-- Opening Marker --

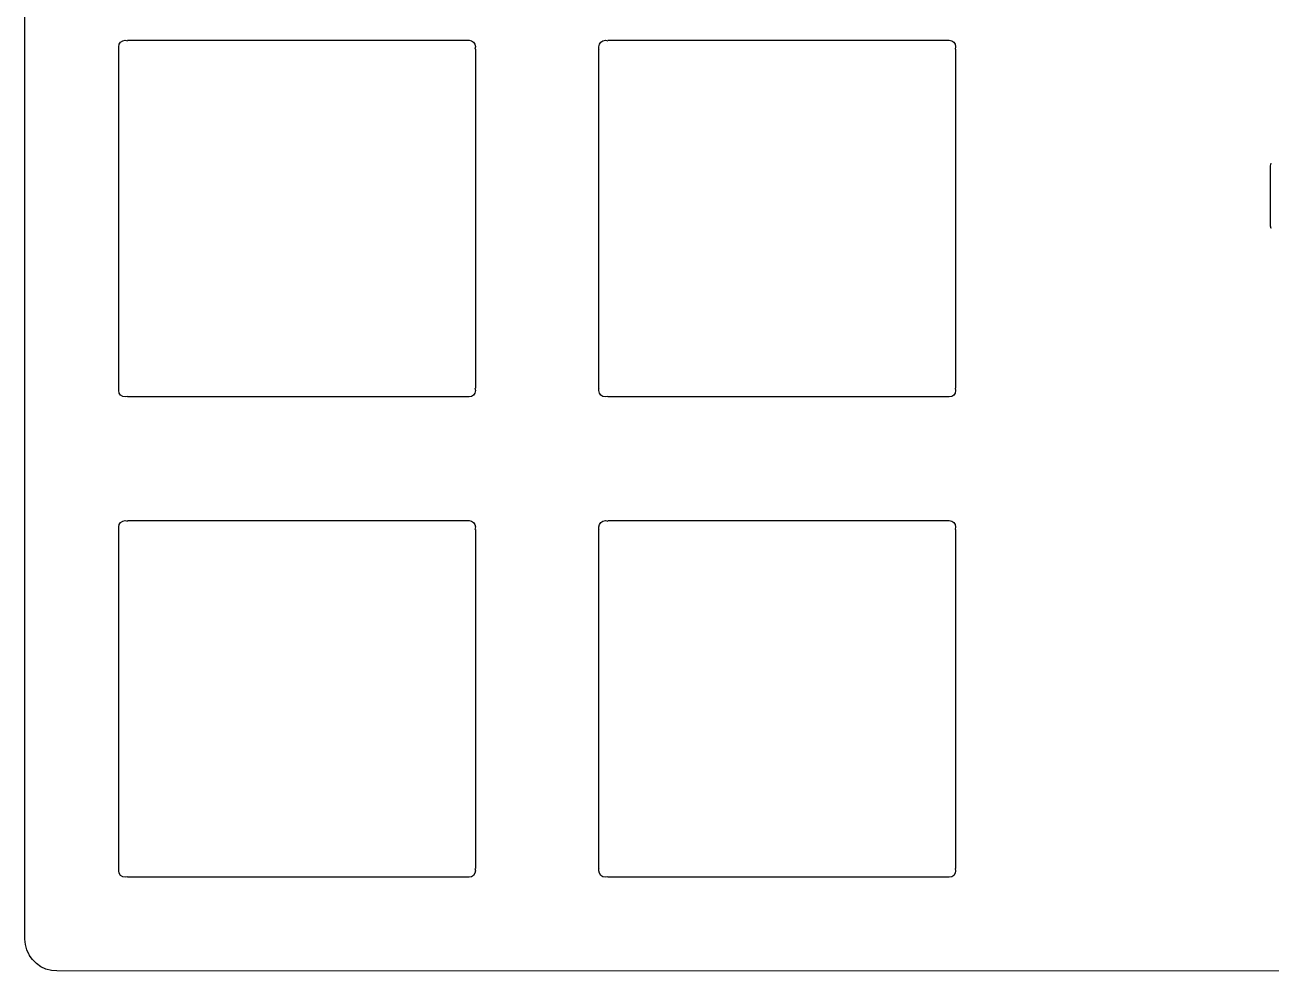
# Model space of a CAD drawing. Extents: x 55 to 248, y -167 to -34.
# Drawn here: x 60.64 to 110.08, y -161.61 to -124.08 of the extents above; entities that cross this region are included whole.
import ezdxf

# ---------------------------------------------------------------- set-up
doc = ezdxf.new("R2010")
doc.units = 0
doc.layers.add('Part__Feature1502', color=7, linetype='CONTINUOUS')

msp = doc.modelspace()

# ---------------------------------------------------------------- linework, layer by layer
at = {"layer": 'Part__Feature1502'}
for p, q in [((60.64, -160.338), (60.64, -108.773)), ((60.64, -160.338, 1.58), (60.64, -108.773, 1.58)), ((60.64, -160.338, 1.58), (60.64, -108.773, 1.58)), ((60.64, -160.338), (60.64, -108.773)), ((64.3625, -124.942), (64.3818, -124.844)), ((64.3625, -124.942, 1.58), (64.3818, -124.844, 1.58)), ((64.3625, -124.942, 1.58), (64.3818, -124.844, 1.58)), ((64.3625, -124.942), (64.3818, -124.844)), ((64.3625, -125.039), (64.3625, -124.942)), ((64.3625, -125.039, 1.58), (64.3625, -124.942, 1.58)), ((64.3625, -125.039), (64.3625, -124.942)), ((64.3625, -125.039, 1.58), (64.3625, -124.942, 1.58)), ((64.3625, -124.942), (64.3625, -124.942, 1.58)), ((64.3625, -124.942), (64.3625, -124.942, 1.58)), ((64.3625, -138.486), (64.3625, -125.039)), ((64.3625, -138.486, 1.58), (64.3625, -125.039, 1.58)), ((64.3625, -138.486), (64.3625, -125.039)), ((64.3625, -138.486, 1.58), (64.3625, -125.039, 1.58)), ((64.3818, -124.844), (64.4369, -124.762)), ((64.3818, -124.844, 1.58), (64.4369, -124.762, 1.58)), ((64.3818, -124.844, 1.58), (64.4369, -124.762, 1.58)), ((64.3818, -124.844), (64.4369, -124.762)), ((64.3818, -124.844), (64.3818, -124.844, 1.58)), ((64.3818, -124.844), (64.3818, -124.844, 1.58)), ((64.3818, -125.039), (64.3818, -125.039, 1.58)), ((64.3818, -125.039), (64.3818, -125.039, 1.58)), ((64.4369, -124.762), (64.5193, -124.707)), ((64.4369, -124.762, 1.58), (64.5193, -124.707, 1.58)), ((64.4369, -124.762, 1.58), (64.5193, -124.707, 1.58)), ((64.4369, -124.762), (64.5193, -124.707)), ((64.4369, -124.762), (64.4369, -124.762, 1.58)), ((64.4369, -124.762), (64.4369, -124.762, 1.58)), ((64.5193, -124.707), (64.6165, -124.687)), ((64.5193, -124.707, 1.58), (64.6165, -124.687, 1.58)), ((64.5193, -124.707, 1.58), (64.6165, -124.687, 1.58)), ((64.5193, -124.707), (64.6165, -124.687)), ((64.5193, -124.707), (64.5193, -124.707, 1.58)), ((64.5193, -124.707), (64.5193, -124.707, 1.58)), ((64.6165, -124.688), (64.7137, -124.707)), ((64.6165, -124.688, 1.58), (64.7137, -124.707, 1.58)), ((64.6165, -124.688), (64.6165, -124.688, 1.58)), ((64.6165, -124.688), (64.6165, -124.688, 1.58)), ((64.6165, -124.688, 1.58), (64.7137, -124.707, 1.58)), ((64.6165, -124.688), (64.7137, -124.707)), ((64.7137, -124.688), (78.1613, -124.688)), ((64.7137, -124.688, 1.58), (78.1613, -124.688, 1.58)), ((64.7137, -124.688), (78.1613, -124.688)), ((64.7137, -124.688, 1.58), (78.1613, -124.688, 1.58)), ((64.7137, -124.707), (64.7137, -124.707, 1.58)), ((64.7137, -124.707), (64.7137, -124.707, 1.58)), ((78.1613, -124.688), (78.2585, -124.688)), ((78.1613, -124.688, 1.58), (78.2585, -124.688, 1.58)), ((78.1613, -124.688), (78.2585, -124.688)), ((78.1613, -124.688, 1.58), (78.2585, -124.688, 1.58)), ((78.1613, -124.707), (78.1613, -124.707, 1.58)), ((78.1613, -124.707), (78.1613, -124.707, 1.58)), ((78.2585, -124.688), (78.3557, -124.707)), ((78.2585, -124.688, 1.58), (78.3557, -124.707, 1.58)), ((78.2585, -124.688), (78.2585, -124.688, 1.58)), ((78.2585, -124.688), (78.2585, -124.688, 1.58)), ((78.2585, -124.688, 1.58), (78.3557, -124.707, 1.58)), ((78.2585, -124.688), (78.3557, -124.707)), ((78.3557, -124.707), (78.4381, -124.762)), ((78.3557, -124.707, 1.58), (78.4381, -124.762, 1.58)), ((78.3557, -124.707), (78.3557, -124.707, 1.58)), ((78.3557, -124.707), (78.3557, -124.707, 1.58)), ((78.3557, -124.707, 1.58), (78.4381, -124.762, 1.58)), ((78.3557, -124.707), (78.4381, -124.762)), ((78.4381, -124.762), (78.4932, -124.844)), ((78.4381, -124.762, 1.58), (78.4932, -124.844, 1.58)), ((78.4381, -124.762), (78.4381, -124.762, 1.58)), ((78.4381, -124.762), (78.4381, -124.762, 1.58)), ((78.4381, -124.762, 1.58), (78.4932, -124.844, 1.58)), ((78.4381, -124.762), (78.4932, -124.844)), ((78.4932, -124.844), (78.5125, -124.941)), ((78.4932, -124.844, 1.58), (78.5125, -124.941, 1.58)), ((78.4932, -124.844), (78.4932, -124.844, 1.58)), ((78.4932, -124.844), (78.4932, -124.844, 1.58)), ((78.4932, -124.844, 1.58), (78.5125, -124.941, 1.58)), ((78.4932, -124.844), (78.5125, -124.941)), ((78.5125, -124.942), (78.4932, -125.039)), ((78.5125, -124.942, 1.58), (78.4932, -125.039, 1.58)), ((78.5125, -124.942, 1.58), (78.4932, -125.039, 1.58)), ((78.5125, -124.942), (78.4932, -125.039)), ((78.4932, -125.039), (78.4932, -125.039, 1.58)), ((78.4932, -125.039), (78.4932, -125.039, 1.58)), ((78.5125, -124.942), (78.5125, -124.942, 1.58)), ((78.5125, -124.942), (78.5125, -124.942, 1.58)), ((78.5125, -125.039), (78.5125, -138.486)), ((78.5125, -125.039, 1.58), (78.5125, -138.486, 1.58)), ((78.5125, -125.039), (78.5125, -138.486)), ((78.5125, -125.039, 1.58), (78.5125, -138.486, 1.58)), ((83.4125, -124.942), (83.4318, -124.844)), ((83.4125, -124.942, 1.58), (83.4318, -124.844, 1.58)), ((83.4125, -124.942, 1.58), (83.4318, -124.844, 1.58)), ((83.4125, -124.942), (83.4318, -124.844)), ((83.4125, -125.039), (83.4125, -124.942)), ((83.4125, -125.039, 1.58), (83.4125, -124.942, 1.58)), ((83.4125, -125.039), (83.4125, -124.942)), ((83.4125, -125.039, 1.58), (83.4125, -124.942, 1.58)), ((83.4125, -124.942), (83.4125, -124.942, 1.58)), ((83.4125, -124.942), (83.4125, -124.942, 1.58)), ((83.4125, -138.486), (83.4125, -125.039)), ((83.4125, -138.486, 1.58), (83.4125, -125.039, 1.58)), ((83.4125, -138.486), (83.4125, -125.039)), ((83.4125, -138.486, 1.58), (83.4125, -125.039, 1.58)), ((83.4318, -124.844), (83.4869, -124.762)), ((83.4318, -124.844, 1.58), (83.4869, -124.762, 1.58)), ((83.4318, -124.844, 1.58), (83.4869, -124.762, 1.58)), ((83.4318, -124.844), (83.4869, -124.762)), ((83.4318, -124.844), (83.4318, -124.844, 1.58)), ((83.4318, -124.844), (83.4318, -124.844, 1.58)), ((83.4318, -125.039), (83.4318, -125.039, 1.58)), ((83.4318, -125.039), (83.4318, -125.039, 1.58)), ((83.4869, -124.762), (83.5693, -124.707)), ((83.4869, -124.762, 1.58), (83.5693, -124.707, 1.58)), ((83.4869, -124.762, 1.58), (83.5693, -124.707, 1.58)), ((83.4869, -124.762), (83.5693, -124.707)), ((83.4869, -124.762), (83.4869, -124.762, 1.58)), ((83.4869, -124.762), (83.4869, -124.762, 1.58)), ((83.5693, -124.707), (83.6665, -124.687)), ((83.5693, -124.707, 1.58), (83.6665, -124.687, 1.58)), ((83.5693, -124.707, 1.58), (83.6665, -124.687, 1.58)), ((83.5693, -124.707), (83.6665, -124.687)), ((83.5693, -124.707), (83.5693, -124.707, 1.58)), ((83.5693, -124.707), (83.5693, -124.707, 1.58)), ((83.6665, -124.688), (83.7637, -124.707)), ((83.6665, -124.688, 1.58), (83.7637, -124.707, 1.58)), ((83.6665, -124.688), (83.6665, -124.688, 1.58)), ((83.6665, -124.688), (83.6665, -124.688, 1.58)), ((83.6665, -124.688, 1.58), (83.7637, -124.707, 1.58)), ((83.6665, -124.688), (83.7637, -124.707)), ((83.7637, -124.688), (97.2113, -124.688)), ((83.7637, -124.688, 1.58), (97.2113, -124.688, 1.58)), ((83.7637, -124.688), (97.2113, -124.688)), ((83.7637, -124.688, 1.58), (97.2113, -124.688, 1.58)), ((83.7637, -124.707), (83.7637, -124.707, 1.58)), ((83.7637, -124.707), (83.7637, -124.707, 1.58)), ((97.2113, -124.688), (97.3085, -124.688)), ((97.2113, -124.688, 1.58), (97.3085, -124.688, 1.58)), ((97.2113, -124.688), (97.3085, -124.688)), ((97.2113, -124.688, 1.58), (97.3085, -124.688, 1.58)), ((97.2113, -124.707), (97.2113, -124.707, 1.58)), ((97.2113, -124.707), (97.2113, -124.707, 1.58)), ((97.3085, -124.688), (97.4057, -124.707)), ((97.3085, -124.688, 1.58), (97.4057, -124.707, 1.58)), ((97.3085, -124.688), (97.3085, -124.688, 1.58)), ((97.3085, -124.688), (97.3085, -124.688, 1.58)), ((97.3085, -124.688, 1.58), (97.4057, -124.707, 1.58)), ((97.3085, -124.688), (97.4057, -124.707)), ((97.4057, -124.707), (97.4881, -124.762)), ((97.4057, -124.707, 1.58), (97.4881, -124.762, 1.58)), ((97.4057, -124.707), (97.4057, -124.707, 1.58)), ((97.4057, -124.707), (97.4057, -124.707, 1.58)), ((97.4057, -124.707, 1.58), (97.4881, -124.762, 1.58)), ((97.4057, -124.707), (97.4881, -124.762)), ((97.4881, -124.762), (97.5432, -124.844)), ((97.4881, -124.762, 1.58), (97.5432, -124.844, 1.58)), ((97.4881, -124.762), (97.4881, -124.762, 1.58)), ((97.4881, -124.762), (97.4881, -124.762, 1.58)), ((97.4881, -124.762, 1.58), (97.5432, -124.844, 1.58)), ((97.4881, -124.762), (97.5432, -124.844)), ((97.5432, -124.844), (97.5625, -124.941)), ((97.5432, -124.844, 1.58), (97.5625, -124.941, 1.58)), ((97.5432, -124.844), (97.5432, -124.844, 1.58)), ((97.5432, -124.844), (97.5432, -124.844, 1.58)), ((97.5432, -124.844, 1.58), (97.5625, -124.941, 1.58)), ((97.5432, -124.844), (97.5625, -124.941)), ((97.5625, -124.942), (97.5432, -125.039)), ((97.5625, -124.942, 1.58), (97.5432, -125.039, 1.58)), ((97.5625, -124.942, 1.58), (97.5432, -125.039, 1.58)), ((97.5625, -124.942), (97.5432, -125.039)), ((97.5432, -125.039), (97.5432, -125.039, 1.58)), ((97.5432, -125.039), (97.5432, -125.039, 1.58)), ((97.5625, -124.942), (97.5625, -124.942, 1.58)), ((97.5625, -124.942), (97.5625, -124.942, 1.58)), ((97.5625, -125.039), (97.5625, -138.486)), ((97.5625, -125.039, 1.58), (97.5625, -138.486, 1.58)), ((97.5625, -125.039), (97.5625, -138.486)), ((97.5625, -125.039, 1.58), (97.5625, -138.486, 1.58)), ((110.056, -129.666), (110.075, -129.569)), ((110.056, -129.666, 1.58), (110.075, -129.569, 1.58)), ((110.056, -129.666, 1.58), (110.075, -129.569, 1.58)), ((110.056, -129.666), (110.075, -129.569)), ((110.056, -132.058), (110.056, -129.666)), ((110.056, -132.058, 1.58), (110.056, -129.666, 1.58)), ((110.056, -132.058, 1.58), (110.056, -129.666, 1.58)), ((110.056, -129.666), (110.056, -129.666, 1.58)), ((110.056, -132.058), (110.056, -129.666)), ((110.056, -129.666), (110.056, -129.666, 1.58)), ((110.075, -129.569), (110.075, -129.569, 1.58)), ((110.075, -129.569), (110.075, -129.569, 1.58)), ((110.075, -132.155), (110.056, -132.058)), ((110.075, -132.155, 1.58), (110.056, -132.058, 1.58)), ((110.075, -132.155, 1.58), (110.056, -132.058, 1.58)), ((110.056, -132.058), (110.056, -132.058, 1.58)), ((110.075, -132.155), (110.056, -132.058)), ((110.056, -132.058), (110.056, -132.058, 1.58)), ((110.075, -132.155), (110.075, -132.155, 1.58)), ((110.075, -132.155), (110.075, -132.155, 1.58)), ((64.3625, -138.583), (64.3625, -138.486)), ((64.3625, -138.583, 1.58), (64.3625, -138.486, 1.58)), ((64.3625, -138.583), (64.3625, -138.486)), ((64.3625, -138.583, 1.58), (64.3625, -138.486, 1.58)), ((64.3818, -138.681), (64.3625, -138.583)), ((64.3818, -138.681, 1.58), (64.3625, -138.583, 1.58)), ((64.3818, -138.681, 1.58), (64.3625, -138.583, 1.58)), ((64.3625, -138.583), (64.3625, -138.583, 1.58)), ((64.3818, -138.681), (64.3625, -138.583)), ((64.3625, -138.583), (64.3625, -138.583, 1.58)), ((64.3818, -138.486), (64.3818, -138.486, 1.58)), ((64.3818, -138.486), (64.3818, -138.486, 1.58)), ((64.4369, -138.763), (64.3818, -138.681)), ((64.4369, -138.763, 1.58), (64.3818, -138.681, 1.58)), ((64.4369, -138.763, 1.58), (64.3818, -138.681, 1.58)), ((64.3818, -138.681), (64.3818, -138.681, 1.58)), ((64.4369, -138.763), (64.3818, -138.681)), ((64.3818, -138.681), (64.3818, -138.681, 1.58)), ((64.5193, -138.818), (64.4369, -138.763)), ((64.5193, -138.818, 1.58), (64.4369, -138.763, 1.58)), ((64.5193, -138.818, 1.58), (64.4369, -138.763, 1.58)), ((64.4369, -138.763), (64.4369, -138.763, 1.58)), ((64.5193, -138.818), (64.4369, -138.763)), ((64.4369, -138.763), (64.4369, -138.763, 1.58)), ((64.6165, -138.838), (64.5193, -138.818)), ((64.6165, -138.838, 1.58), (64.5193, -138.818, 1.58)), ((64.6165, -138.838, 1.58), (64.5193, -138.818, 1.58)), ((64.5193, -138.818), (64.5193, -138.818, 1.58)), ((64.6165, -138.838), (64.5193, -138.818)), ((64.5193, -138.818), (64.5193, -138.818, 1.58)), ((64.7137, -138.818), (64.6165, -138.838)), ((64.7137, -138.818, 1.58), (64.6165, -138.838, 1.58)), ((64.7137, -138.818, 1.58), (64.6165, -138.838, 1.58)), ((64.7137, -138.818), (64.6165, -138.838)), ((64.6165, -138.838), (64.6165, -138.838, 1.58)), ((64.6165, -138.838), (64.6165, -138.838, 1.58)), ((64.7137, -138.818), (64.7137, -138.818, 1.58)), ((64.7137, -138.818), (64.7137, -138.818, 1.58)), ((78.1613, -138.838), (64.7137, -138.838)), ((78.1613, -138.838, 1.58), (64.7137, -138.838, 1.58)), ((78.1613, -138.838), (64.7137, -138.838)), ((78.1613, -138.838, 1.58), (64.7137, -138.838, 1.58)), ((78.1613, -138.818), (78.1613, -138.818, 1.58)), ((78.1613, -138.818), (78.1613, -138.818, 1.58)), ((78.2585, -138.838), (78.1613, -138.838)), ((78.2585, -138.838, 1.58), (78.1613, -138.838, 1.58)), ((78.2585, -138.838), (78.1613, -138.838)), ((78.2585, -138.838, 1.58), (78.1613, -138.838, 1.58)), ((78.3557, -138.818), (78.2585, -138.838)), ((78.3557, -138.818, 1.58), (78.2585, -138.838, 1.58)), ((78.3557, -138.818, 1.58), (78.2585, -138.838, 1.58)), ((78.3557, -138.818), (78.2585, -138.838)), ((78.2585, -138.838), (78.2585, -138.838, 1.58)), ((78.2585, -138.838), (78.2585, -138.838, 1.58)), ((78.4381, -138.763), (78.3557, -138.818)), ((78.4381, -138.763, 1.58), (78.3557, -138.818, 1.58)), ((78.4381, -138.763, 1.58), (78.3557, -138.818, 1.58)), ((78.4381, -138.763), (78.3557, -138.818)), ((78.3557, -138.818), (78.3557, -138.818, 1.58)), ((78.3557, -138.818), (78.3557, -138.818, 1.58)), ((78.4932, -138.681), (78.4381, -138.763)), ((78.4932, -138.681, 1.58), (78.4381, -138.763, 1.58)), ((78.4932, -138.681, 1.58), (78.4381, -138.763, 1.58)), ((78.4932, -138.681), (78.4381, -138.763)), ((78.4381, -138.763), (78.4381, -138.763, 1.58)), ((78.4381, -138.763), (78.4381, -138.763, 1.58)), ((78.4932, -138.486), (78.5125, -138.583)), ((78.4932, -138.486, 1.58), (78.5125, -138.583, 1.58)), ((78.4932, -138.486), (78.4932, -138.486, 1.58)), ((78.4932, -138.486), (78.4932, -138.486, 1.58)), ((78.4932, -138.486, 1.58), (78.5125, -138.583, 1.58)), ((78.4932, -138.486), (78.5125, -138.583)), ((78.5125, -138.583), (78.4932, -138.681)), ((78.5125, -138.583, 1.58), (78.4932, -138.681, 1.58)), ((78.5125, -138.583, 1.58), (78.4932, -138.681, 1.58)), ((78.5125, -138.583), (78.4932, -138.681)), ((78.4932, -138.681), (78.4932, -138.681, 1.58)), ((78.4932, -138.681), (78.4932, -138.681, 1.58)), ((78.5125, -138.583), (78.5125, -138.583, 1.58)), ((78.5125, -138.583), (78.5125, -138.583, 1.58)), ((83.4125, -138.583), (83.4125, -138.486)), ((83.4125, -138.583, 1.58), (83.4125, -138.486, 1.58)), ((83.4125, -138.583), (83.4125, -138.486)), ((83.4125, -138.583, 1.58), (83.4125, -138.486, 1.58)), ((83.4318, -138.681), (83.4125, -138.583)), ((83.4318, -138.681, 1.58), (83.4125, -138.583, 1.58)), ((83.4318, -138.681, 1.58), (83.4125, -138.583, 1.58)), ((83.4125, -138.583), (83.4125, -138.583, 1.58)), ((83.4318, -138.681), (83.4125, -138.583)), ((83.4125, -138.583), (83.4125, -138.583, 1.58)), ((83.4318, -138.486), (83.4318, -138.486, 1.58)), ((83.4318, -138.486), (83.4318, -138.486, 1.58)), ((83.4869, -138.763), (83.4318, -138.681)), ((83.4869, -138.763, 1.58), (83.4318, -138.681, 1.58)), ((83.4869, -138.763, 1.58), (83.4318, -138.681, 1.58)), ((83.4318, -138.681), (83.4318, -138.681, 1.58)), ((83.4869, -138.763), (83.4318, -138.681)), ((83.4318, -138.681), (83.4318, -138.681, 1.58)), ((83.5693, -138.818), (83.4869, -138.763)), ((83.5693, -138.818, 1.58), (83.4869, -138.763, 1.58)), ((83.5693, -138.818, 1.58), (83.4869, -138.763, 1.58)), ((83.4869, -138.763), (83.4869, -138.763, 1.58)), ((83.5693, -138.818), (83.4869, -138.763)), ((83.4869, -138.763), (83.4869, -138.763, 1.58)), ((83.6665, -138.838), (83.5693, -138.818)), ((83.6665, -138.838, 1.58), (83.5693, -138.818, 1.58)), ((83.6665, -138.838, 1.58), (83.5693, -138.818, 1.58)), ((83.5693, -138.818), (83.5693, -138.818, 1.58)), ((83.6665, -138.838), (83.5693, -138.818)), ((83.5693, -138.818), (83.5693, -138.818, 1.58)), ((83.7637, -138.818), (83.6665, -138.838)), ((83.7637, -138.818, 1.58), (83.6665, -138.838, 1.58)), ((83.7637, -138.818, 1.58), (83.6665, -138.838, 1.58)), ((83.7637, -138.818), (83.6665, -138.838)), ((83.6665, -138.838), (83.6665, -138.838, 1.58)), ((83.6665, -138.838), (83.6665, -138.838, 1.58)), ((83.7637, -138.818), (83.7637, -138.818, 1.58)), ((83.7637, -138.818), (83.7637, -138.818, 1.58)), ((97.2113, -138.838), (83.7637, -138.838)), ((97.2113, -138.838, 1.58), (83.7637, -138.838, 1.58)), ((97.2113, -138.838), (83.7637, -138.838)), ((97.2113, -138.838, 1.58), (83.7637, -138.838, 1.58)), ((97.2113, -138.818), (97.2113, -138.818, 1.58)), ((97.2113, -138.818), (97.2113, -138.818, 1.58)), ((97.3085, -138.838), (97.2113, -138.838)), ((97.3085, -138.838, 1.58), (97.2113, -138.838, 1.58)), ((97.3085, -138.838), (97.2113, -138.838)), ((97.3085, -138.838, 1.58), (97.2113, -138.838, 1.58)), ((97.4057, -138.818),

-- Closing Marker --

Take the material above from its first line through the line that has "msp = doc.modelspace()" and copy it exactly, without any pictures.

# Model space of a CAD drawing. Extents: x 55 to 248, y -167 to -34.
# Drawn here: x 60.64 to 110.08, y -161.61 to -124.08 of the extents above; entities that cross this region are included whole.
import ezdxf

# ---------------------------------------------------------------- set-up
doc = ezdxf.new("R2010")
doc.units = 0
doc.layers.add('Part__Feature1502', color=7, linetype='CONTINUOUS')

msp = doc.modelspace()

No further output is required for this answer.